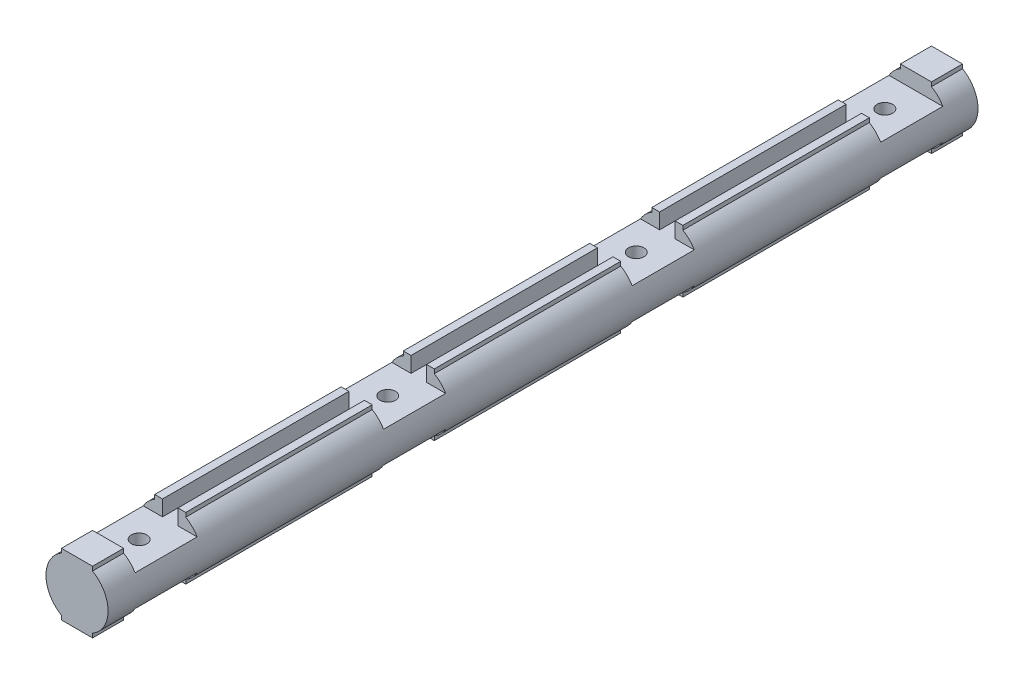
ISO-10303-21;
HEADER;
FILE_DESCRIPTION(('STEP AP214'),'2;1');
FILE_NAME('part.step','',(''),(''),'','','');
FILE_SCHEMA(('AUTOMOTIVE_DESIGN { 1 0 10303 214 1 1 1 1 }'));
ENDSEC;
DATA;
#1=APPLICATION_CONTEXT('core data for automotive mechanical design processes');
#2=APPLICATION_PROTOCOL_DEFINITION('international standard','automotive_design',2000,#1);
#3=PRODUCT_CONTEXT('',#1,'mechanical');
#4=PRODUCT('Part','Part','',(#3));
#5=PRODUCT_RELATED_PRODUCT_CATEGORY('part','',(#4));
#6=PRODUCT_DEFINITION_FORMATION('','',#4);
#7=PRODUCT_DEFINITION_CONTEXT('part definition',#1,'design');
#8=PRODUCT_DEFINITION('design','',#6,#7);
#9=PRODUCT_DEFINITION_SHAPE('','',#8);
#10=(LENGTH_UNIT() NAMED_UNIT(*) SI_UNIT(.MILLI.,.METRE.));
#11=(NAMED_UNIT(*) PLANE_ANGLE_UNIT() SI_UNIT($,.RADIAN.));
#12=(NAMED_UNIT(*) SI_UNIT($,.STERADIAN.) SOLID_ANGLE_UNIT());
#13=UNCERTAINTY_MEASURE_WITH_UNIT(LENGTH_MEASURE(1.E-05),#10,'distance_accuracy_value','');
#14=(GEOMETRIC_REPRESENTATION_CONTEXT(3) GLOBAL_UNCERTAINTY_ASSIGNED_CONTEXT((#13)) GLOBAL_UNIT_ASSIGNED_CONTEXT((#10,
#11,#12)) REPRESENTATION_CONTEXT('',''));
#15=CARTESIAN_POINT('',(0.,0.,0.));
#16=DIRECTION('',(0.,0.,1.));
#17=DIRECTION('',(1.,0.,0.));
#18=AXIS2_PLACEMENT_3D('',#15,#16,#17);
#19=CARTESIAN_POINT('',(0.,0.,140.));
#20=DIRECTION('',(0.,0.,-1.));
#21=DIRECTION('',(-1.,0.,0.));
#22=AXIS2_PLACEMENT_3D('',#19,#20,#21);
#23=CYLINDRICAL_SURFACE('',#22,10.);
#24=CARTESIAN_POINT('',(0.,0.,-130.));
#25=DIRECTION('',(0.,0.,-1.));
#26=DIRECTION('',(1.,0.,0.));
#27=AXIS2_PLACEMENT_3D('',#24,#25,#26);
#28=CIRCLE('',#27,10.);
#29=CARTESIAN_POINT('',(-5.,-8.66025403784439,-130.));
#30=VERTEX_POINT('',#29);
#31=CARTESIAN_POINT('',(-8.66025403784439,-5.,-130.));
#32=VERTEX_POINT('',#31);
#33=EDGE_CURVE('E670',#30,#32,#28,.T.);
#34=ORIENTED_EDGE('',*,*,#33,.T.);
#35=DIRECTION('',(0.,0.,1.));
#36=VECTOR('',#35,1.);
#37=CARTESIAN_POINT('',(-8.66025403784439,-5.,-130.));
#38=LINE('',#37,#36);
#39=CARTESIAN_POINT('',(-8.66025403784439,-5.,-110.));
#40=VERTEX_POINT('',#39);
#41=EDGE_CURVE('E614',#32,#40,#38,.T.);
#42=ORIENTED_EDGE('',*,*,#41,.T.);
#43=CARTESIAN_POINT('',(0.,0.,-110.));
#44=DIRECTION('',(0.,0.,-1.));
#45=DIRECTION('',(1.,0.,0.));
#46=AXIS2_PLACEMENT_3D('',#43,#44,#45);
#47=CIRCLE('',#46,10.);
#48=CARTESIAN_POINT('',(-5.,-8.66025403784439,-110.));
#49=VERTEX_POINT('',#48);
#50=EDGE_CURVE('E1058',#49,#40,#47,.T.);
#51=ORIENTED_EDGE('',*,*,#50,.F.);
#52=DIRECTION('',(0.,0.,-1.));
#53=VECTOR('',#52,1.);
#54=CARTESIAN_POINT('',(-5.,-8.66025403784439,140.));
#55=LINE('',#54,#53);
#56=CARTESIAN_POINT('',(-5.,-8.66025403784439,-50.));
#57=VERTEX_POINT('',#56);
#58=EDGE_CURVE('E943',#49,#57,#55,.F.);
#59=ORIENTED_EDGE('',*,*,#58,.T.);
#60=CARTESIAN_POINT('',(0.,0.,-50.));
#61=DIRECTION('',(0.,0.,-1.));
#62=DIRECTION('',(1.,0.,0.));
#63=AXIS2_PLACEMENT_3D('',#60,#61,#62);
#64=CIRCLE('',#63,10.);
#65=CARTESIAN_POINT('',(-8.66025403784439,-5.,-50.));
#66=VERTEX_POINT('',#65);
#67=EDGE_CURVE('E1153',#57,#66,#64,.T.);
#68=ORIENTED_EDGE('',*,*,#67,.T.);
#69=DIRECTION('',(0.,0.,1.));
#70=VECTOR('',#69,1.);
#71=CARTESIAN_POINT('',(-8.66025403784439,-5.,-50.));
#72=LINE('',#71,#70);
#73=CARTESIAN_POINT('',(-8.66025403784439,-5.,-30.));
#74=VERTEX_POINT('',#73);
#75=EDGE_CURVE('E605',#66,#74,#72,.T.);
#76=ORIENTED_EDGE('',*,*,#75,.T.);
#77=CARTESIAN_POINT('',(0.,0.,-30.));
#78=DIRECTION('',(0.,0.,-1.));
#79=DIRECTION('',(1.,0.,0.));
#80=AXIS2_PLACEMENT_3D('',#77,#78,#79);
#81=CIRCLE('',#80,10.);
#82=CARTESIAN_POINT('',(-5.,-8.66025403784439,-30.));
#83=VERTEX_POINT('',#82);
#84=EDGE_CURVE('E1216',#83,#74,#81,.T.);
#85=ORIENTED_EDGE('',*,*,#84,.F.);
#86=CARTESIAN_POINT('',(-5.,-8.66025403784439,30.));
#87=VERTEX_POINT('',#86);
#88=EDGE_CURVE('E1183',#83,#87,#55,.F.);
#89=ORIENTED_EDGE('',*,*,#88,.T.);
#90=CARTESIAN_POINT('',(0.,0.,30.));
#91=DIRECTION('',(0.,0.,-1.));
#92=DIRECTION('',(1.,0.,0.));
#93=AXIS2_PLACEMENT_3D('',#90,#91,#92);
#94=CIRCLE('',#93,10.);
#95=CARTESIAN_POINT('',(-8.66025403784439,-5.,30.));
#96=VERTEX_POINT('',#95);
#97=EDGE_CURVE('E48',#87,#96,#94,.T.);
#98=ORIENTED_EDGE('',*,*,#97,.T.);
#99=DIRECTION('',(0.,0.,1.));
#100=VECTOR('',#99,1.);
#101=CARTESIAN_POINT('',(-8.66025403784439,-5.,30.));
#102=LINE('',#101,#100);
#103=CARTESIAN_POINT('',(-8.66025403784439,-5.,50.));
#104=VERTEX_POINT('',#103);
#105=EDGE_CURVE('E601',#96,#104,#102,.T.);
#106=ORIENTED_EDGE('',*,*,#105,.T.);
#107=CARTESIAN_POINT('',(0.,0.,50.));
#108=DIRECTION('',(0.,0.,-1.));
#109=DIRECTION('',(1.,0.,0.));
#110=AXIS2_PLACEMENT_3D('',#107,#108,#109);
#111=CIRCLE('',#110,10.);
#112=CARTESIAN_POINT('',(-5.,-8.66025403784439,50.));
#113=VERTEX_POINT('',#112);
#114=EDGE_CURVE('E1091',#113,#104,#111,.T.);
#115=ORIENTED_EDGE('',*,*,#114,.F.);
#116=CARTESIAN_POINT('',(-5.,-8.66025403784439,110.));
#117=VERTEX_POINT('',#116);
#118=EDGE_CURVE('E1180',#113,#117,#55,.F.);
#119=ORIENTED_EDGE('',*,*,#118,.T.);
#120=CARTESIAN_POINT('',(0.,0.,110.));
#121=DIRECTION('',(0.,0.,-1.));
#122=DIRECTION('',(1.,0.,0.));
#123=AXIS2_PLACEMENT_3D('',#120,#121,#122);
#124=CIRCLE('',#123,10.);
#125=CARTESIAN_POINT('',(-8.66025403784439,-5.,110.));
#126=VERTEX_POINT('',#125);
#127=EDGE_CURVE('E1077',#117,#126,#124,.T.);
#128=ORIENTED_EDGE('',*,*,#127,.T.);
#129=DIRECTION('',(0.,0.,1.));
#130=VECTOR('',#129,1.);
#131=CARTESIAN_POINT('',(-8.66025403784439,-5.,110.));
#132=LINE('',#131,#130);
#133=CARTESIAN_POINT('',(-8.66025403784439,-5.,130.));
#134=VERTEX_POINT('',#133);
#135=EDGE_CURVE('E594',#126,#134,#132,.T.);
#136=ORIENTED_EDGE('',*,*,#135,.T.);
#137=CARTESIAN_POINT('',(0.,0.,130.));
#138=DIRECTION('',(0.,0.,-1.));
#139=DIRECTION('',(1.,0.,0.));
#140=AXIS2_PLACEMENT_3D('',#137,#138,#139);
#141=CIRCLE('',#140,10.);
#142=CARTESIAN_POINT('',(-5.,-8.66025403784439,130.));
#143=VERTEX_POINT('',#142);
#144=EDGE_CURVE('E1120',#143,#134,#141,.T.);
#145=ORIENTED_EDGE('',*,*,#144,.F.);
#146=CARTESIAN_POINT('',(-5.,-8.66025403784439,140.));
#147=VERTEX_POINT('',#146);
#148=EDGE_CURVE('E937',#143,#147,#55,.F.);
#149=ORIENTED_EDGE('',*,*,#148,.T.);
#150=CARTESIAN_POINT('',(0.,0.,140.));
#151=DIRECTION('',(0.,0.,1.));
#152=DIRECTION('',(1.,0.,0.));
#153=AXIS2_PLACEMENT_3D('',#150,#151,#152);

◆ ◆ ◆ ◆ ◆

* Exercise details:
Quote the listing above, but only from the line that shows "#12=(NAMED_UNIT(*) SI_UNIT($,.STERADIAN.) SOLID_ANGLE_UNIT());" through the line that shows "#64=CIRCLE('',#63,10.);".

* Finished task:
#12=(NAMED_UNIT(*) SI_UNIT($,.STERADIAN.) SOLID_ANGLE_UNIT());
#13=UNCERTAINTY_MEASURE_WITH_UNIT(LENGTH_MEASURE(1.E-05),#10,'distance_accuracy_value','');
#14=(GEOMETRIC_REPRESENTATION_CONTEXT(3) GLOBAL_UNCERTAINTY_ASSIGNED_CONTEXT((#13)) GLOBAL_UNIT_ASSIGNED_CONTEXT((#10,
#11,#12)) REPRESENTATION_CONTEXT('',''));
#15=CARTESIAN_POINT('',(0.,0.,0.));
#16=DIRECTION('',(0.,0.,1.));
#17=DIRECTION('',(1.,0.,0.));
#18=AXIS2_PLACEMENT_3D('',#15,#16,#17);
#19=CARTESIAN_POINT('',(0.,0.,140.));
#20=DIRECTION('',(0.,0.,-1.));
#21=DIRECTION('',(-1.,0.,0.));
#22=AXIS2_PLACEMENT_3D('',#19,#20,#21);
#23=CYLINDRICAL_SURFACE('',#22,10.);
#24=CARTESIAN_POINT('',(0.,0.,-130.));
#25=DIRECTION('',(0.,0.,-1.));
#26=DIRECTION('',(1.,0.,0.));
#27=AXIS2_PLACEMENT_3D('',#24,#25,#26);
#28=CIRCLE('',#27,10.);
#29=CARTESIAN_POINT('',(-5.,-8.66025403784439,-130.));
#30=VERTEX_POINT('',#29);
#31=CARTESIAN_POINT('',(-8.66025403784439,-5.,-130.));
#32=VERTEX_POINT('',#31);
#33=EDGE_CURVE('E670',#30,#32,#28,.T.);
#34=ORIENTED_EDGE('',*,*,#33,.T.);
#35=DIRECTION('',(0.,0.,1.));
#36=VECTOR('',#35,1.);
#37=CARTESIAN_POINT('',(-8.66025403784439,-5.,-130.));
#38=LINE('',#37,#36);
#39=CARTESIAN_POINT('',(-8.66025403784439,-5.,-110.));
#40=VERTEX_POINT('',#39);
#41=EDGE_CURVE('E614',#32,#40,#38,.T.);
#42=ORIENTED_EDGE('',*,*,#41,.T.);
#43=CARTESIAN_POINT('',(0.,0.,-110.));
#44=DIRECTION('',(0.,0.,-1.));
#45=DIRECTION('',(1.,0.,0.));
#46=AXIS2_PLACEMENT_3D('',#43,#44,#45);
#47=CIRCLE('',#46,10.);
#48=CARTESIAN_POINT('',(-5.,-8.66025403784439,-110.));
#49=VERTEX_POINT('',#48);
#50=EDGE_CURVE('E1058',#49,#40,#47,.T.);
#51=ORIENTED_EDGE('',*,*,#50,.F.);
#52=DIRECTION('',(0.,0.,-1.));
#53=VECTOR('',#52,1.);
#54=CARTESIAN_POINT('',(-5.,-8.66025403784439,140.));
#55=LINE('',#54,#53);
#56=CARTESIAN_POINT('',(-5.,-8.66025403784439,-50.));
#57=VERTEX_POINT('',#56);
#58=EDGE_CURVE('E943',#49,#57,#55,.F.);
#59=ORIENTED_EDGE('',*,*,#58,.T.);
#60=CARTESIAN_POINT('',(0.,0.,-50.));
#61=DIRECTION('',(0.,0.,-1.));
#62=DIRECTION('',(1.,0.,0.));
#63=AXIS2_PLACEMENT_3D('',#60,#61,#62);
#64=CIRCLE('',#63,10.);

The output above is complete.